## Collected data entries
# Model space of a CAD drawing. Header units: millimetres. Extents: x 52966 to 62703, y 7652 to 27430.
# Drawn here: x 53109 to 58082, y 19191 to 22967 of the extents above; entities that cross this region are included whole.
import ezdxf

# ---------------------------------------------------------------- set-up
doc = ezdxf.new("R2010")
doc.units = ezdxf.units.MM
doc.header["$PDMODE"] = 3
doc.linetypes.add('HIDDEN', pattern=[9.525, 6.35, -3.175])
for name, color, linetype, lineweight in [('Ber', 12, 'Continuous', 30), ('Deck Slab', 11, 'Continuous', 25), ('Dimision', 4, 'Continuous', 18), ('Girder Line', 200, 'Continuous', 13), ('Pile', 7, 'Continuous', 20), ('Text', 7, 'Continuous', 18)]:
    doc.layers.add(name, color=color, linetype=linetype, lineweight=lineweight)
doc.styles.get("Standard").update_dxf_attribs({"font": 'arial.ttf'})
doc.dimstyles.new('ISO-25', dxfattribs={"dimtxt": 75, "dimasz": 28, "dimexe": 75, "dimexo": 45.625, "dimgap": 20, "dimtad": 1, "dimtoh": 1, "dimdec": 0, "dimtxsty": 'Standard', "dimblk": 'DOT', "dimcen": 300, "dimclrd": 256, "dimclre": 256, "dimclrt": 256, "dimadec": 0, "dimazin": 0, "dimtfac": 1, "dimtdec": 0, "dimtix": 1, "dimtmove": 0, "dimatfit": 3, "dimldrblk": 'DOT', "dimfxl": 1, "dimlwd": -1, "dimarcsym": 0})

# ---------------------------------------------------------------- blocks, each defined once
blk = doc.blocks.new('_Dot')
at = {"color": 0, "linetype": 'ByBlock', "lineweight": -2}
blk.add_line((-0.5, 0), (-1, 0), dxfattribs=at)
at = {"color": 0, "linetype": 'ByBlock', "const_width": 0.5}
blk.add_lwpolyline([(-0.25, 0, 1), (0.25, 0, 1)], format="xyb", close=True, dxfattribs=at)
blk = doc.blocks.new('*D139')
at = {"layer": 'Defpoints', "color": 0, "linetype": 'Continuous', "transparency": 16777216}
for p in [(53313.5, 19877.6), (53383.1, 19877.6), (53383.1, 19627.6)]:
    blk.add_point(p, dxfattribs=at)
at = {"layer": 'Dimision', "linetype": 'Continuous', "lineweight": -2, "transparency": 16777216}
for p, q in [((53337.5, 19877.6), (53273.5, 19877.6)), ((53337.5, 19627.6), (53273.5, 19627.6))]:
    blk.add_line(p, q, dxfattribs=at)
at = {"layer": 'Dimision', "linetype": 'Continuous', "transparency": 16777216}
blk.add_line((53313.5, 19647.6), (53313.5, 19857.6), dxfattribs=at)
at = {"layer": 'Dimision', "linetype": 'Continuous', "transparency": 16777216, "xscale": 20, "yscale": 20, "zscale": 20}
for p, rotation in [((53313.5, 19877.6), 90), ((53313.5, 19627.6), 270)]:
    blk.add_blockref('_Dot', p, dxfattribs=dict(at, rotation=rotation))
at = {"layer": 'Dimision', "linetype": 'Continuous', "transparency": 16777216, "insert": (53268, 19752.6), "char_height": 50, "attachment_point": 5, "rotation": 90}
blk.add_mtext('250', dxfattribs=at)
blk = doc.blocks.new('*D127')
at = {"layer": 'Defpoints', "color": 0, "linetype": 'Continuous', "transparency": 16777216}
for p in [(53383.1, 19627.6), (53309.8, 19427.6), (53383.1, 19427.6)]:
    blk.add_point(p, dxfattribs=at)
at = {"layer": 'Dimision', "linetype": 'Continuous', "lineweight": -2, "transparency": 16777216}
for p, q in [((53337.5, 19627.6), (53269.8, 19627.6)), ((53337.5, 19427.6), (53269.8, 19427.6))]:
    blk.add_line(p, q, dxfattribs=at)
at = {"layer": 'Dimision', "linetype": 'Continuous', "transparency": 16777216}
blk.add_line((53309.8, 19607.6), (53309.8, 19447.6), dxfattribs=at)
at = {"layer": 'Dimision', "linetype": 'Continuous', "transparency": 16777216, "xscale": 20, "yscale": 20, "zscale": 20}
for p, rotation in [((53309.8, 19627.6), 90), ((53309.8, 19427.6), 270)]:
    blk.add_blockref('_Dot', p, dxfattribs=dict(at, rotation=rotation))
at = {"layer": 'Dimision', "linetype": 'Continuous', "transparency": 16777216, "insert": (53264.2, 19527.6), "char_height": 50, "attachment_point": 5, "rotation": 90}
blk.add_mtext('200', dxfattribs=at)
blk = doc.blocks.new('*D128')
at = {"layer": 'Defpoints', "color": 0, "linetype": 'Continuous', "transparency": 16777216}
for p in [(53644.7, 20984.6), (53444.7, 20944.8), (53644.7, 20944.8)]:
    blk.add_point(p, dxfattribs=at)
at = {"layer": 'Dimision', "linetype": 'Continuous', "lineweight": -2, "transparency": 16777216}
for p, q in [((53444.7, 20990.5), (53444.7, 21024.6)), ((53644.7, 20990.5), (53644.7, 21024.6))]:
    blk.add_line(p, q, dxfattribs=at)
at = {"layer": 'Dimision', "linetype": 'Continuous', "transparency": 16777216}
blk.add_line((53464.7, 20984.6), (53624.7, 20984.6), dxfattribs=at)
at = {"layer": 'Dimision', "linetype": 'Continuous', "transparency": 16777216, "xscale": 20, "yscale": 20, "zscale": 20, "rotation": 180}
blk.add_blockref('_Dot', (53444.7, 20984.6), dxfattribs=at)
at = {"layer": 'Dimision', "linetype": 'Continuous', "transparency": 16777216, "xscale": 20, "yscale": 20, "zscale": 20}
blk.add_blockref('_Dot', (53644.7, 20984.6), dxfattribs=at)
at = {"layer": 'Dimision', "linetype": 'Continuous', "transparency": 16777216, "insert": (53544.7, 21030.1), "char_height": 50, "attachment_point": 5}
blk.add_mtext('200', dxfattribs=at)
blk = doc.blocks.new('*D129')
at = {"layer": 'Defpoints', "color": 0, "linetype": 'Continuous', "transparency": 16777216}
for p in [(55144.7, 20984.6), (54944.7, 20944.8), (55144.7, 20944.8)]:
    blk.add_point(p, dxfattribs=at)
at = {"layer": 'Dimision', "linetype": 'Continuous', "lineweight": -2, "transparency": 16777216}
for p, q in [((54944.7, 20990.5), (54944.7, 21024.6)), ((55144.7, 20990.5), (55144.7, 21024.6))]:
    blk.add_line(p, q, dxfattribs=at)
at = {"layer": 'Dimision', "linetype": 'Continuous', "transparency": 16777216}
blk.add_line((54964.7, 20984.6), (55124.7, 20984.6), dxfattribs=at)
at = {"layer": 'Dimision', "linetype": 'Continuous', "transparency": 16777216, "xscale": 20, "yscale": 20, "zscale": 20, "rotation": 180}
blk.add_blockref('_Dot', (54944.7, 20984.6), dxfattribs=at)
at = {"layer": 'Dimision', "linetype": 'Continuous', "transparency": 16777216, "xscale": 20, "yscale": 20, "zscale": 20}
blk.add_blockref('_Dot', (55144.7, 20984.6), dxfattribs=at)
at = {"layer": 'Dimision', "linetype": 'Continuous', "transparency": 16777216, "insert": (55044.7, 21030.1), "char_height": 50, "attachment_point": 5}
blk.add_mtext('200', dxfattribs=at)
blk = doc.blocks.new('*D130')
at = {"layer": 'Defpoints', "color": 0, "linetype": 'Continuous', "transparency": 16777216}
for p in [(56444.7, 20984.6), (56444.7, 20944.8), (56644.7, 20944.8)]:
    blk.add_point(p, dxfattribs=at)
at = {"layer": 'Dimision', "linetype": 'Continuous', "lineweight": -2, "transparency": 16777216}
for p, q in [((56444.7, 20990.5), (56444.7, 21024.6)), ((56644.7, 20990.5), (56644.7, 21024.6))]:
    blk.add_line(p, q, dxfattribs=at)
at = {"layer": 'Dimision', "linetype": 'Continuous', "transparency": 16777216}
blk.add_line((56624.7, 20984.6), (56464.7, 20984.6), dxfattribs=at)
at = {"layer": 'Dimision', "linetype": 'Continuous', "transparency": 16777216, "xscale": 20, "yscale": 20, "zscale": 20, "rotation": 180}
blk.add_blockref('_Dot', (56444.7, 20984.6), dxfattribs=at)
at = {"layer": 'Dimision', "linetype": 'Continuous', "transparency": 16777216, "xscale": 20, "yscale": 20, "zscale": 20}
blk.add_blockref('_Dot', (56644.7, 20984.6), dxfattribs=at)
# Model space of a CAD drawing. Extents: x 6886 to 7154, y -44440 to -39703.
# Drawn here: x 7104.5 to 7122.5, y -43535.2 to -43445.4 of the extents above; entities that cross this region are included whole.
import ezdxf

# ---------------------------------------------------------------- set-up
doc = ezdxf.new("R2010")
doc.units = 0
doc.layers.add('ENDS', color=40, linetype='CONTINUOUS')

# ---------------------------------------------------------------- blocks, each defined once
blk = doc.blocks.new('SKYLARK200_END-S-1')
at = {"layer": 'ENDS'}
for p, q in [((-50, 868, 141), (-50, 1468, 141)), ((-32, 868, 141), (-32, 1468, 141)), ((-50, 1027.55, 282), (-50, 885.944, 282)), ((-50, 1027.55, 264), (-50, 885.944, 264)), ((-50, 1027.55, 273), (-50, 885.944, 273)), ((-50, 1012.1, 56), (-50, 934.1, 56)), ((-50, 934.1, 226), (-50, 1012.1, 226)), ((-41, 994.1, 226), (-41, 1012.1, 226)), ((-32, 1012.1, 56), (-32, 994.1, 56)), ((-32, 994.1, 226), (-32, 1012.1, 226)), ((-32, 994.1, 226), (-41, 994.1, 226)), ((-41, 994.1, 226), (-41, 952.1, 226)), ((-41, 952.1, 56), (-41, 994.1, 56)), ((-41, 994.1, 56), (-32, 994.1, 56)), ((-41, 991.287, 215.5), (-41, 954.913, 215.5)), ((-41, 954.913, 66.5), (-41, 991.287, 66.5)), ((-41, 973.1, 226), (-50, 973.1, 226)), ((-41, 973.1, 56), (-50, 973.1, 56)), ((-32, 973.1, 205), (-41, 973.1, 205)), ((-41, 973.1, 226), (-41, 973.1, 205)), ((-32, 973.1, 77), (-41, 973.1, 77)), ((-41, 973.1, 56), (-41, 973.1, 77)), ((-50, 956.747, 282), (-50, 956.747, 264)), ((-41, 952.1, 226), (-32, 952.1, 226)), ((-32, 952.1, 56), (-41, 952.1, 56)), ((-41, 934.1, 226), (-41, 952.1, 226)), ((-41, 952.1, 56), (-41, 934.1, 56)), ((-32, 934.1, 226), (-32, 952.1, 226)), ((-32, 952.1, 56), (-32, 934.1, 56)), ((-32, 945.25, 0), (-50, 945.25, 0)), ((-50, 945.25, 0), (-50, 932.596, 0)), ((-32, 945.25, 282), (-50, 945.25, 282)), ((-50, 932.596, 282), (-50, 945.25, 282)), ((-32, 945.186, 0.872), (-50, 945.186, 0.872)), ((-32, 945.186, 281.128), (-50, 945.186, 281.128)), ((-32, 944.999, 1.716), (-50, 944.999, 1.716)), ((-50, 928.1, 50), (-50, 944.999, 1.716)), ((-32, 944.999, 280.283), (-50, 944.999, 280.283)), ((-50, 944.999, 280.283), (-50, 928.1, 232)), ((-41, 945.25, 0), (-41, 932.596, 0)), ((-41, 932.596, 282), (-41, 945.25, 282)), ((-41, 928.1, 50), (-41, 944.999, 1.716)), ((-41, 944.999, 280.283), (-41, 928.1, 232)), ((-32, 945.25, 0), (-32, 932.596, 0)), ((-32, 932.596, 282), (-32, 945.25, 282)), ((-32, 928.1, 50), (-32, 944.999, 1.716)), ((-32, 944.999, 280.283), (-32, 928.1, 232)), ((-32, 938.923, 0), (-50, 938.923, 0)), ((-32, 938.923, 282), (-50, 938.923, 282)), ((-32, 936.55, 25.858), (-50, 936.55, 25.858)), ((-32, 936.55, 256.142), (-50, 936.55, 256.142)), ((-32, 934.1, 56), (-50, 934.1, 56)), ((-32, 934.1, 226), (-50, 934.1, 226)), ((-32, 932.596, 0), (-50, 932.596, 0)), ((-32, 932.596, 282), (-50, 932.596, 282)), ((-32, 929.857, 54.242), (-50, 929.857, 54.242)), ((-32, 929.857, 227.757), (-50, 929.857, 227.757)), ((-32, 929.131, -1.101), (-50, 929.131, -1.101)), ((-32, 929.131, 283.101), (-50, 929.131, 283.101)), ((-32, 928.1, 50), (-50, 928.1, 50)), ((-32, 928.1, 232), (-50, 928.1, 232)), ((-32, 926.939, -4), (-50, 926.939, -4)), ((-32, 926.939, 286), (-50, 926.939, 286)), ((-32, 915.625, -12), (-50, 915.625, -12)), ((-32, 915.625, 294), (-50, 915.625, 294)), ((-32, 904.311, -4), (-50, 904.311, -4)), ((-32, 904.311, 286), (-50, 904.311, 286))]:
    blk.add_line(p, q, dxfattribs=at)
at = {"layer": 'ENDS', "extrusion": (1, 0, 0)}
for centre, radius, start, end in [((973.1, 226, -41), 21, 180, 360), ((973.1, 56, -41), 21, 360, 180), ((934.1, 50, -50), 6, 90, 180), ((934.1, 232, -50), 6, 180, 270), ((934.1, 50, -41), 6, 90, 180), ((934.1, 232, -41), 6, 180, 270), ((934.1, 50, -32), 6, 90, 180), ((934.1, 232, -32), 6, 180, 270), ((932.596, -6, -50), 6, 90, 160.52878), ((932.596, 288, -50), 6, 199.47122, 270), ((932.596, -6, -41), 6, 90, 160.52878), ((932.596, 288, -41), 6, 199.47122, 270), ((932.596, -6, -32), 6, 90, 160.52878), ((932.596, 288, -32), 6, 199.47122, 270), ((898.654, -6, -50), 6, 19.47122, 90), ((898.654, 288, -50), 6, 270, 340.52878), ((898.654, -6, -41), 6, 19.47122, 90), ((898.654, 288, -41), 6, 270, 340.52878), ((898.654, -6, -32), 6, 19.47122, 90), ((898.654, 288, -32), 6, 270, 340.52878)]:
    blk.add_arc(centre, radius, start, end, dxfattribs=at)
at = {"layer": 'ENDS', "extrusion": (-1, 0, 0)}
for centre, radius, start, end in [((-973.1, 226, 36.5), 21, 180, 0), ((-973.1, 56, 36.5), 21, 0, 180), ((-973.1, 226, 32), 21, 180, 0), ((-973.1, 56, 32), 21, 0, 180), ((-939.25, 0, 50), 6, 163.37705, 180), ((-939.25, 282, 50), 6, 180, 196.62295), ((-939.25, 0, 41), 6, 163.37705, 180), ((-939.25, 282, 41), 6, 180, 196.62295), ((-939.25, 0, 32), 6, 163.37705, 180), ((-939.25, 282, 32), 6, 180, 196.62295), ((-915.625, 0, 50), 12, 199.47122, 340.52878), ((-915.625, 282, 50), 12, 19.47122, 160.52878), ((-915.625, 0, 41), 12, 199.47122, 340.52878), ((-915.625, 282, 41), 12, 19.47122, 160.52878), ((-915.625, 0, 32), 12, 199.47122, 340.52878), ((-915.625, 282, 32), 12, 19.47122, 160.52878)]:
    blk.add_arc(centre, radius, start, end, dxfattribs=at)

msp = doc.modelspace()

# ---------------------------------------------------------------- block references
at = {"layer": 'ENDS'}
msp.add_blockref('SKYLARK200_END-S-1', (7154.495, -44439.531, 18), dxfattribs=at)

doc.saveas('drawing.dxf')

## WHAT IS BEING ASKED
In the records above, locate each line with the word "ByBlock". Copy all such lines.

## SOLUTION
at = {"color": 0, "linetype": 'ByBlock', "lineweight": -2}
at = {"color": 0, "linetype": 'ByBlock', "const_width": 0.5}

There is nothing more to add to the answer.